Для А. А. Корнилова Приютино представлялось средством служения идеалам Братства — тем нравственным принципам, на которых построено Братство, связанное еще и доверием и любовью друг к другу, а также средством служения народу — высшей и конечной цели жизни. Поэтому 3-я группа целей — изучение крестьянской жизни и служение русскому народу — было для него первостепенно важным делом. Достижению этой цели должно было служить все, что понадобится, — земская и политическая деятельность, например, отдых и формирование единства основных воззрений и т. д.

Что касается мнения Сергея Ольденбурга и его жены Александры, то они, как и А. А. Корнилов, считали, что Приютино прежде всего должно служить народу. Однако предлагаемые средства существенно отличались. Равноправные отношения народа и интеллигенции на почве Приюти-на сводились к просветлению деревенского люда городским светом. Явное предпочтение они отдавали 2-й группе целей, как и В. И. Вернадский.

Приютино планировалось далеко «не на один десяток лет и, в идее, не на одно поколение». Но по конкретным вопросам взгляды расходились. Основными противниками в споре стали В. И. Вернадский и Д. И. Шаховской. Владимир Иванович выступал за такую форму организации, которая была бы «если не вечной, то все же несомненно вполне пригодною на очень долгое время». Дмитрий Иванович убеждал в необходимости хоть какого-нибудь, но главное — немедленного решения вопроса. Попытка примирения спорящих сторон была сделана Федором Ольденбургом. Он предложил смотреть на временное Приютино, «которое потом можно было бы передать кому-нибудь, т. е. и не покинуть его совсем, и не связываться с ним окончательно». С этой позиции сторонникам идеального Приютина в будущем было бы легче смотреть на недостатки Приютина временного.

Только там, где можно было дать «выход народу к человеческой жизни», должна была состояться первая попытка Приютина. Временным Приютином Дмитрий Иванович Шаховской предлагал признать Малашкино — усадьбу, приобретенную им в Весьегонском уезде Тверской губернии. Среди всех членов Братства особенно настойчиво ратовал за идею прочно обосноваться в уезде и завоевать его именно Дмитрий Иванович, поскольку именно там все задачи, возлагаемые на Приютино, могли быть полностью разрешены. Приютино должно быть связано с жизненным делом как можно большего числа его членов, а «для этого оно совершенно необходимо должно основаться теперь — потому что потом уже трудно будет переделывать всю свою жизнь». В качестве такого рода уезда Шаховской предлагал Весьегонск. Малашкино являлось своеобразной школой приобщения к крестьянскому труду и хозяйству, создания «сравнительно прочных связей с мужиками», более цельного суждения о личности мужика, весьма отличающегося от отвлеченного народнического столичного представления, что в конечном итоге и делало интеллигенцию народной.

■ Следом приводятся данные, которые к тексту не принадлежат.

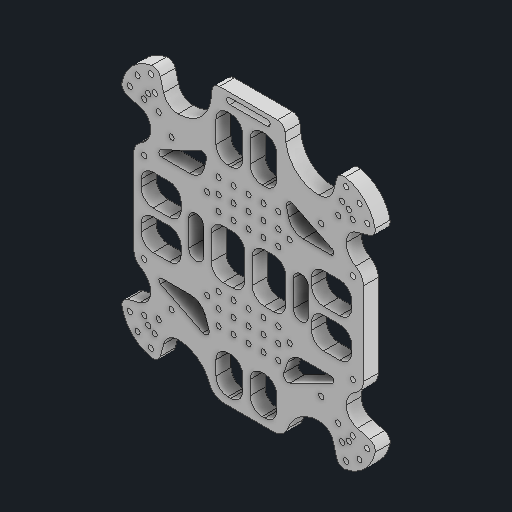
# Autodesk Inventor part: top
Saved by Autodesk Inventor 2023 (Build 270158000, 158)
## iProperties
Created: 2022-06-01
Part Number: top
Material: Generic
Document SubType Name: Modeling
Designer: vibhu
Density: 1 g/cm^3
Appearance: Default
Author: vibhu
Autodesk Inventor part; units mm, degrees
ref_plane "YZ Plane" through (0, 0, 0) normal (1, 0, 0) x (0, 1, 0)
ref_plane "XZ Plane" through (0, 0, 0) normal (0, 1, 0) x (-1, 0, 0)
ref_plane "Work Plane1" through (0, 0, 0) normal (0, 0, 1) x (1, 0, 0)
sketch "Sketch1" plane through (0, 0, 0) normal (0, 0, 1) x (1, 0, 0)
  arc A0 (58.1462, -72.4732) -> (48.4869, -65.0614) centre (48.4869, -75.0614) ccw projected
  line L0 (60.3557, -80.7192) -> (58.1462, -72.4732) projected
  arc A1 (60.3557, -80.7192) -> (66.1208, -84.3368) centre (65.1853, -79.4251) ccw projected
  arc A2 (66.1208, -84.3368) -> (86.0018, -64.4558) centre (61.4433, -59.7783) ccw projected
  arc A3 (86.0018, -64.4558) -> (82.3842, -58.6907) centre (81.0901, -63.5203) ccw projected
  line L1 (74.1382, -56.4812) -> (82.3842, -58.6907) projected
  arc A4 (66.7264, -46.8219) -> (74.1382, -56.4812) centre (76.7264, -46.8219) ccw projected
  circle A5 centre (61.4433, -59.7783) radius 1.75 projected
  circle A6 centre (68.5144, -66.8494) radius 1.75 projected
  circle A7 centre (64.0315, -69.4376) radius 1.75 projected
  circle A8 centre (71.1025, -62.3665) radius 1.75 projected
  circle A9 centre (80.7618, -64.9547) radius 1.75 projected
  circle A10 centre (75.5854, -73.9204) radius 1.75 projected
  circle A11 centre (66.6197, -79.0968) radius 1.75 projected
  line L2 (-55.2596, -72.4732) -> (-57.4691, -80.7192) projected
  arc A12 (-63.2342, -84.3368) -> (-57.4691, -80.7192) centre (-62.2987, -79.4251) ccw projected
  arc A13 (-83.1152, -64.4558) -> (-63.2342, -84.3368) centre (-58.5567, -59.7783) ccw projected
  arc A14 (-79.4976, -58.6907) -> (-83.1152, -64.4558) centre (-78.2035, -63.5203) ccw projected
  line L3 (-79.4976, -58.6907) -> (-71.2516, -56.4812) projected
  arc A15 (-71.2516, -56.4812) -> (-63.8398, -46.8219) centre (-73.8398, -46.8219) ccw projected
  arc A16 (-45.6003, -65.0614) -> (-55.2596, -72.4732) centre (-45.6003, -75.0614) ccw projected
  circle A17 centre (-61.1449, -69.4376) radius 1.75 projected
  circle A18 centre (-58.5567, -59.7783) radius 1.75 projected
  circle A19 centre (-65.6278, -66.8494) radius 1.75 projected
  circle A20 centre (-68.216, -62.3665) radius 1.75 projected
  circle A21 centre (-77.8752, -64.9547) radius 1.75 projected
  circle A22 centre (-72.6989, -73.9204) radius 1.75 projected
  circle A23 centre (-63.7331, -79.0968) radius 1.75 projected
  arc A24 (-63.8398, 47.2653) -> (-71.2516, 56.9246) centre (-73.8398, 47.2653) ccw projected
  line L4 (-71.2516, 56.9246) -> (-79.4976, 59.1341) projected
  arc A25 (-83.1152, 64.8992) -> (-79.4976, 59.1341) centre (-78.2035, 63.9637) ccw projected
  circle A26 centre (-77.8752, 65.3981) radius 1.75 projected
  arc A27 (-63.2342, 84.7802) -> (-83.1152, 64.8992) centre (-58.5567, 60.2217) ccw projected
  circle A28 centre (-68.216, 62.8099) radius 1.75 projected
  circle A29 centre (-58.5567, 60.2217) radius 1.75 projected
  circle A30 centre (-65.6278, 67.2928) radius 1.75 projected
  circle A31 centre (-61.1449, 69.881) radius 1.75 projected
  circle A32 centre (-72.6989, 74.3638) radius 1.75 projected
  circle A33 centre (-63.7331, 79.5402) radius 1.75 projected
  arc A34 (-57.4691, 81.1626) -> (-63.2342, 84.7802) centre (-62.2987, 79.8685) ccw projected
  line L5 (-57.4691, 81.1626) -> (-55.2596, 72.9166) projected
  arc A35 (-55.2596, 72.9166) -> (-45.6003, 65.5048) centre (-45.6003, 75.5048) ccw projected
  line L6 (13.9433, 88.2217) -> (-11.0567, 88.2217) projected
  arc A36 (13.9433, 88.2217) -> (13.9433, 92.2217) centre (13.9433, 90.2217) ccw projected
  line L7 (-11.0567, 92.2217) -> (13.9433, 92.2217) projected
  arc A37 (-11.0567, 92.2217) -> (-11.0567, 88.2217) centre (-11.0567, 90.2217) ccw projected
  line L8 (20.8532, 95.2217) -> (-17.9667, 95.2217) projected
  circle A38 centre (-18.5567, 80.2217) radius 1.75 construction
  circle A39 centre (-18.5567, 60.2217) radius 1.75 construction
  circle A40 centre (21.4433, 60.2217) radius 1.75 construction
  circle A41 centre (21.4433, 80.2217) radius 1.75 construction
  circle A42 centre (1.4433, 80.2217) radius 1.75 construction
  circle A43 centre (1.4433, 60.2217) radius 1.75 construction
  arc A44 (48.4869, 65.5048) -> (58.1462, 72.9166) centre (48.4869, 75.5048) ccw projected
  line L9 (58.1462, 72.9166) -> (60.3557, 81.1626) projected
  arc A45 (66.1208, 84.7802) -> (60.3557, 81.1626) centre (65.1853, 79.8685) ccw projected
  arc A46 (86.0018, 64.8992) -> (66.1208, 84.7802) centre (61.4433, 60.2217) ccw projected
  arc A47 (82.3842, 59.1341) -> (86.0018, 64.8992) centre (81.0901, 63.9637) ccw projected
  line L10 (82.3842, 59.1341) -> (74.1382, 56.9246) projected
  arc A48 (74.1382, 56.9246) -> (66.7264, 47.2653) centre (76.7264, 47.2653) ccw projected
  circle A49 centre (61.4433, 60.2217) radius 1.75 projected
  circle A50 centre (68.5144, 67.2928) radius 1.75 projected
  circle A51 centre (71.1025, 62.8099) radius 1.75 projected
  circle A52 centre (64.0315, 69.881) radius 1.75 projected
  circle A53 centre (66.6197, 79.5402) radius 1.75 projected
  circle A54 centre (75.5854, 74.3638) radius 1.75 projected
  circle A55 centre (80.7618, 65.3981) radius 1.75 projected
  circle A56 centre (71.4433, -19.7783) radius 1.75 construction
  circle A57 centre (51.4433, -19.7783) radius 1.75 construction
  circle A58 centre (51.4433, 20.2217) radius 1.75 construction
  circle A59 centre (61.4433, 20.2217) radius 1.75 construction
  circle A60 centre (-48.5567, 20.2217) radius 1.75 construction
  circle A61 centre (-68.5567, 20.2217) radius 1.75 construction
  circle A62 centre (-68.5567, -19.7783) radius 1.75 construction
  circle A63 centre (-48.5567, -19.7783) radius 1.75 construction
  circle A64 centre (-68.5567, 0.2217) radius 1.75 construction
  circle A65 centre (-48.5567, 0.2217) radius 1.75 construction
  circle A66 centre (-18.5567, -9.7783) radius 1.75 construction
  circle A67 centre (-18.5567, 10.2217) radius 1.75 construction
  circle A68 centre (21.4433, 10.2217) radius 1.75 construction
  circle A69 centre (21.4433, -9.7783) radius 1.75 construction
  circle A70 centre (1.4433, -9.7783) radius 1.75 construction
  circle A71 centre (1.4433, 10.2217) radius 1.75 construction
  circle A72 centre (-26.0567, -29.7783) radius 1.75 projected
  circle A73 centre (-26.0567, 30.2217) radius 1.75 projected
  circle A74 centre (28.9433, -29.7783) radius 1.75 projected
  circle A75 centre (28.9433, 30.2217) radius 1.75 projected
  circle A76 centre (-18.5567, -59.7783) radius 1.75 construction
  circle A77 centre (21.4433, -59.7783) radius 1.75 construction
  circle A78 centre (1.4433, -59.7783) radius 1.75 construction
  circle A79 centre (1.4433, -79.7783) radius 1.75 construction
  circle A80 centre (21.4433, -79.7783) radius 1.75 construction
  circle A81 centre (-18.5567, -79.7783) radius 1.75 construction
  arc A82 (-70.1082, 36.6881) -> (-63.8398, 47.2653) centre (-75.8979, 47.2653) ccw projected
  arc A83 (-70.1082, 36.6881) -> (-75.3067, 27.9162) centre (-65.3067, 27.9162) ccw projected
  line L11 (-75.3067, 27.9162) -> (-75.3067, -27.4729) projected
  arc A84 (-75.3067, -27.4729) -> (-70.1082, -36.2447) centre (-65.3067, -27.4729) ccw projected
  arc A85 (-63.8398, -46.8219) -> (-70.1082, -36.2447) centre (-75.8979, -46.8219) ccw projected
  arc A86 (-24.7861, -79.8307) -> (-45.6003, -65.0614) centre (-45.6003, -87.1128) ccw projected
  arc A87 (-24.7861, -79.8307) -> (-15.3471, -86.5283) centre (-15.3471, -76.5283) ccw projected
  line L12 (-15.3471, -86.5283) -> (18.2337, -86.5283) projected
  arc A88 (18.2337, -86.5283) -> (27.6726, -79.8307) centre (18.2337, -76.5283) ccw projected
  arc A89 (48.4869, -65.0614) -> (27.6726, -79.8307) centre (48.4869, -87.1128) ccw projected
  arc A90 (72.9948, -36.2447) -> (66.7264, -46.8219) centre (78.7845, -46.8219) ccw projected
  arc A91 (72.9948, -36.2447) -> (78.1933, -27.4729) centre (68.1933, -27.4729) ccw projected
  line L13 (78.1933, -27.4729) -> (78.1933, 27.9162) projected
  arc A92 (78.1933, 27.9162) -> (72.9948, 36.6881) centre (68.1933, 27.9162) ccw projected
  arc A93 (66.7264, 47.2653) -> (72.9948, 36.6881) centre (78.7845, 47.2653) ccw projected
  arc A94 (26.4433, 85.2217) -> (48.4869, 65.5048) centre (48.4869, 87.6857) ccw projected
  line L14 (26.4433, 85.2217) -> (25.8223, 90.7771) projected
  arc A95 (25.8223, 90.7771) -> (20.8532, 95.2217) centre (20.8532, 90.2217) ccw projected
  arc A96 (-17.9667, 95.2217) -> (-22.9357, 90.7771) centre (-17.9667, 90.2217) ccw projected
  line L15 (-22.9357, 90.7771) -> (-23.5567, 85.2217) projected
  arc A97 (-45.6003, 65.5048) -> (-23.5567, 85.2217) centre (-45.6003, 87.6857) ccw projected
  circle A98 centre (-68.3067, 30.2217) radius 1.75 projected
  circle A99 centre (-68.3067, -29.7783) radius 1.75 projected
  circle A100 centre (71.1933, -29.7783) radius 1.75 projected
  circle A101 centre (71.1933, 30.2217) radius 1.75 projected
  arc A102 (-28.5567, 9.0414) -> (-38.5567, 9.0414) centre (-33.5567, 9.0414) ccw projected
  line L16 (-38.5567, -8.598) -> (-38.5567, 9.0414) projected
  arc A103 (-38.5567, -8.598) -> (-28.5567, -8.598) centre (-33.5567, -8.598) ccw projected
  line L17 (-28.5567, 9.0414) -> (-28.5567, -8.598) projected
  line L18 (31.4433, -8.598) -> (31.4433, 9.0414) projected
  arc A104 (41.4433, 9.0414) -> (31.4433, 9.0414) centre (36.4433, 9.0414) ccw projected
  line L19 (41.4433, 9.0414) -> (41.4433, -8.598) projected
  arc A105 (31.4433, -8.598) -> (41.4433, -8.598) centre (36.4433, -8.598) ccw projected
  line L20 (1.4433, 104.693) -> (1.4433, -135.8367) construction
  circle A106 centre (-18.5567, 22.451) radius 1.75
  line L21 (1.4433, -94.5531) -> (25.8223, -94.5531) construction
  circle A107 centre (-18.5567, 32.451) radius 1.75
  circle A108 centre (-18.5567, 42.451) radius 1.75
  circle A109 centre (-8.5567, 22.451) radius 1.75
  circle A110 centre (-8.5567, 32.451) radius 1.75
  circle A111 centre (-8.5567, 42.451) radius 1.75
  circle A112 centre (1.4433, 22.451) radius 1.75
  circle A113 centre (1.4433, 32.451) radius 1.75
  circle A114 centre (1.4433, 42.451) radius 1.75
  circle A115 centre (11.4433, 22.451) radius 1.75
  circle A116 centre (11.4433, 32.451) radius 1.75
  circle A117 centre (11.4433, 42.451) radius 1.75
  circle A118 centre (21.4433, 22.451) radius 1.75
  circle A119 centre (21.4433, 32.451) radius 1.75
  circle A120 centre (21.4433, 42.451) radius 1.75
  line L22 (-3.5567, 35.8119) -> (-34.2609, 35.8119) construction
  line L23 (-36.5279, 29.0902) -> (-8, 29.0902) construction
  line L24 (-15.4957, 35.8119) -> (-15.4957, 29.0902) construction
  circle A121 centre (-18.5567, -23.7293) radius 1.75
  circle A122 centre (-18.5567, -33.7293) radius 1.75
  circle A123 centre (-18.5567, -43.7293) radius 1.75
  circle A124 centre (-8.5567, -23.7293) radius 1.75
  circle A125 centre (-8.5567, -33.7293) radius 1.75
  circle A126 centre (-8.5567, -43.7293) radius 1.75
  circle A127 centre (1.4433, -23.7293) radius 1.75
  circle A128 centre (1.4433, -33.7293) radius 1.75
  circle A129 centre (1.4433, -43.7293) radius 1.75
  circle A130 centre (11.4433, -23.7293) radius 1.75
  circle A131 centre (11.4433, -33.7293) radius 1.75
  circle A132 centre (11.4433, -43.7293) radius 1.75
  circle A133 centre (21.4433, -23.7293) radius 1.75
  circle A134 centre (21.4433, -33.7293) radius 1.75
  circle A135 centre (21.4433, -43.7293) radius 1.75
  line L25 (-6.5567, -30.3685) -> (-35.0846, -30.3685) construction
  line L26 (-35.7042, -37.0902) -> (-5, -37.0902) construction
  line L27 (-15.1289, -30.3685) -> (-15.1289, -37.0902) construction
  point P0 (0, 0)
  point P1 (-75.3067, 0.2217)
  point P2 (-15.4957, 32.451)
  point P3 (-15.1289, -33.7293)
  dimension "d6" = 3.5
  dimension "d9" = 10
  dimension "d12" = 10
  dimension "d17" = 10
  dimension "d20" = 10
  constraints: 30 centre point, 12 end point, 6 point on line, 5 horizontal, 3 midpoint, 3 vertical, 2 horizontal alignment, 2 perpendicular, 2 vertical alignment, 1 equal radius, 60 other
  measures "d6" diameter of A106
  measures "d9" distance of A106.centre A107.centre
  measures "d12" distance of A106.centre A109.centre
  measures "d17" distance of A121.centre A122.centre
  measures "d20" distance of A121.centre A124.centre
extrude "Extrusion1" add sketch "Sketch1" along normal blind 10
sketch "Sketch2" plane through (0, 0, 10) normal (0, 0, 1) x (1, 0, 0)
  circle A0 centre (-18.5567, -59.7783) radius 1.75 construction
  circle A1 centre (-18.5567, -79.7783) radius 1.75 construction
  circle A2 centre (21.4433, -79.7783) radius 1.75 construction
  circle A3 centre (21.4433, -59.7783) radius 1.75 construction
  circle A4 centre (51.4433, -19.7783) radius 1.75 construction
  circle A5 centre (71.4433, -19.7783) radius 1.75 construction
  circle A6 centre (51.4433, 20.2217) radius 1.75 construction
  circle A7 centre (-68.5567, 20.2217) radius 1.75 construction
  circle A8 centre (-48.5567, 20.2217) radius 1.75 construction
  circle A9 centre (-68.5567, -19.7783) radius 1.75 construction
  circle A10 centre (-48.5567, -19.7783) radius 1.75 construction
  circle A11 centre (-18.5567, 60.2217) radius 1.75 construction
  circle A12 centre (21.4433, 60.2217) radius 1.75 construction
  circle A13 centre (21.4433, 80.2217) radius 1.75 construction
  circle A14 centre (-18.5567, 80.2217) radius 1.75 construction
  circle A15 centre (-18.5567, -9.7783) radius 1.75 construction
  circle A16 centre (21.4433, -9.7783) radius 1.75 construction
  circle A17 centre (21.4433, 10.2217) radius 1.75 construction
  circle A18 centre (-18.5567, 10.2217) radius 1.75 construction
  line L0 (-70.3067, 23.4717) -> (-43.5567, 23.4717)
  line L1 (-43.5567, 23.4717) -> (-43.5567, -23.0283)
  line L2 (-43.5567, -23.0283) -> (-70.3067, -23.0283)
  line L3 (-70.3067, -23.0283) -> (-70.3067, 23.4717)
  line L4 (-75.3067, 27.9162) -> (-75.3067, -27.4729) projected
  circle A19 centre (-68.3067, 30.2217) radius 1.75 projected
  line L5 (-38.5567, -8.598) -> (-38.5567, 9.0414) projected
  line L6 (-70.3067, 2.7217) -> (-43.5567, 2.7217)
  line L7 (-43.5567, 2.7217) -> (-43.5567, -2.2783)
  line L8 (-43.5567, -2.2783) -> (-70.3067, -2.2783)
  line L9 (-70.3067, -2.2783) -> (-70.3067, 2.7217)
  line L10 (-23.5567, 15.701) -> (26.4433, 15.701)
  line L11 (26.4433, 15.701) -> (26.4433, -16.9793)
  line L12 (26.4433, -16.9793) -> (-23.5567, -16.9793)
  line L13 (-23.5567, -16.9793) -> (-23.5567, 15.701)
  line L14 (-28.5567, 9.0414) -> (-28.5567, -8.598) projected
  line L15 (31.4433, -8.598) -> (31.4433, 9.0414) projected
  circle A20 centre (-18.5567, 22.451) radius 1.75 construction
  circle A21 centre (-18.5567, -23.7293) radius 1.75 construction
  line L16 (-1.0567, 15.701) -> (3.9433, 15.701)
  line L17 (3.9433, 15.701) -> (3.9433, -16.9793)
  line L18 (3.9433, -16.9793) -> (-1.0567, -16.9793)
  line L19 (-1.0567, -16.9793) -> (-1.0567, 15.701)
  line L20 (0, 120.2032) -> (0, -113.5378) construction
  line L21 (-20.3067, 83.2217) -> (20.3067, 83.2217)
  line L22 (20.3067, 83.2217) -> (20.3067, 52.451)
  line L23 (20.3067, 52.451) -> (-20.3067, 52.451)
  line L24 (-20.3067, 52.451) -> (-20.3067, 83.2217)
  line L25 (-2.5, 83.2217) -> (2.5, 83.2217)
  line L26 (2.5, 83.2217) -> (2.5, 52.451)
  line L27 (2.5, 52.451) -> (-2.5, 52.451)
  line L28 (-2.5, 52.451) -> (-2.5, 83.2217)
  line L29 (13.9433, 88.2217) -> (-11.0567, 88.2217) projected
  circle A22 centre (-18.5567, 42.451) radius 1.75 projected
  line L30 (0, 0) -> (110.9609, 0) construction
  circle A23 centre (68.5567, 20.2217) radius 1.75 construction
  circle A24 centre (48.5567, 20.2217) radius 1.75 construction
  circle A25 centre (68.5567, -19.7783) radius 1.75 construction
  circle A26 centre (48.5567, -19.7783) radius 1.75 construction
  line L31 (70.3067, 23.4717) -> (43.5567, 23.4717)
  line L32 (43.5567, 23.4717) -> (43.5567, -23.0283)
  line L33 (43.5567, -23.0283) -> (70.3067, -23.0283)
  line L34 (70.3067, -23.0283) -> (70.3067, 23.4717)
  line L35 (70.3067, 2.7217) -> (43.5567, 2.7217)
  line L36 (43.5567, 2.7217) -> (43.5567, -2.2783)
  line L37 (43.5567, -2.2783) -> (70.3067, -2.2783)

Были и другие варианты имений для Приютина. В. И. Вернадский предложил использовать для организации Приютина свое имение Вернадовку, находящееся в Моршанском уезде Тамбовской губернии. Это была довольно крупная земельная собственность размером в 800 десятин земли. Владимир Иванович предлагал либо использовать ее непосредственно для устройства Приютина, либо, продав часть Вернадовки, на вырученные средства купить имение в какой-либо другой местности. Сам В. И. Вернадский стоял за последний вариант и считал, что лучше всего продать часть Вернадовки и на имеющийся капитал купить 160–200 десятин на юге, лучше всего на Черноморском побережье Кавказа. Эту идею поддерживал и Иван Михайлович Гревс.

Весьма однозначную, резкую и категорическую оценку подобное предложение вызвало у Дмитрия Ивановича Шаховского. «Мне действительно смешно Пр[иютино] на берегу Черного моря — но ведь Вам же оно не смешно, Вы же о нем думаете. Ведь так?.. Если хотеть Пр[иютина], то надо больше соображаться с условиями настоящего, а заботы о таком Пр[иютине], ни с чем не связанном, сводятся, в сущности, лишь к мечтаниям в настоящем». Немного позже Д. И. Шаховской сменил тон. В письме В. И. Вернадскому от 13 февраля 1889 года он писал: «…я согласен с тобой о значении юга. Я совсем не считаю невозможным, что центр всей русской деятельности ’ перенесется туда — и, может быть, не спорил бы, если бы кто-либо указал на практически осуществимый план переселения на юг и заведения там чего-нибудь. Но раз вся наша [практика?] на севере, то, по-моему, не надо мечтать о юге, потому что и для севера нас не хватает».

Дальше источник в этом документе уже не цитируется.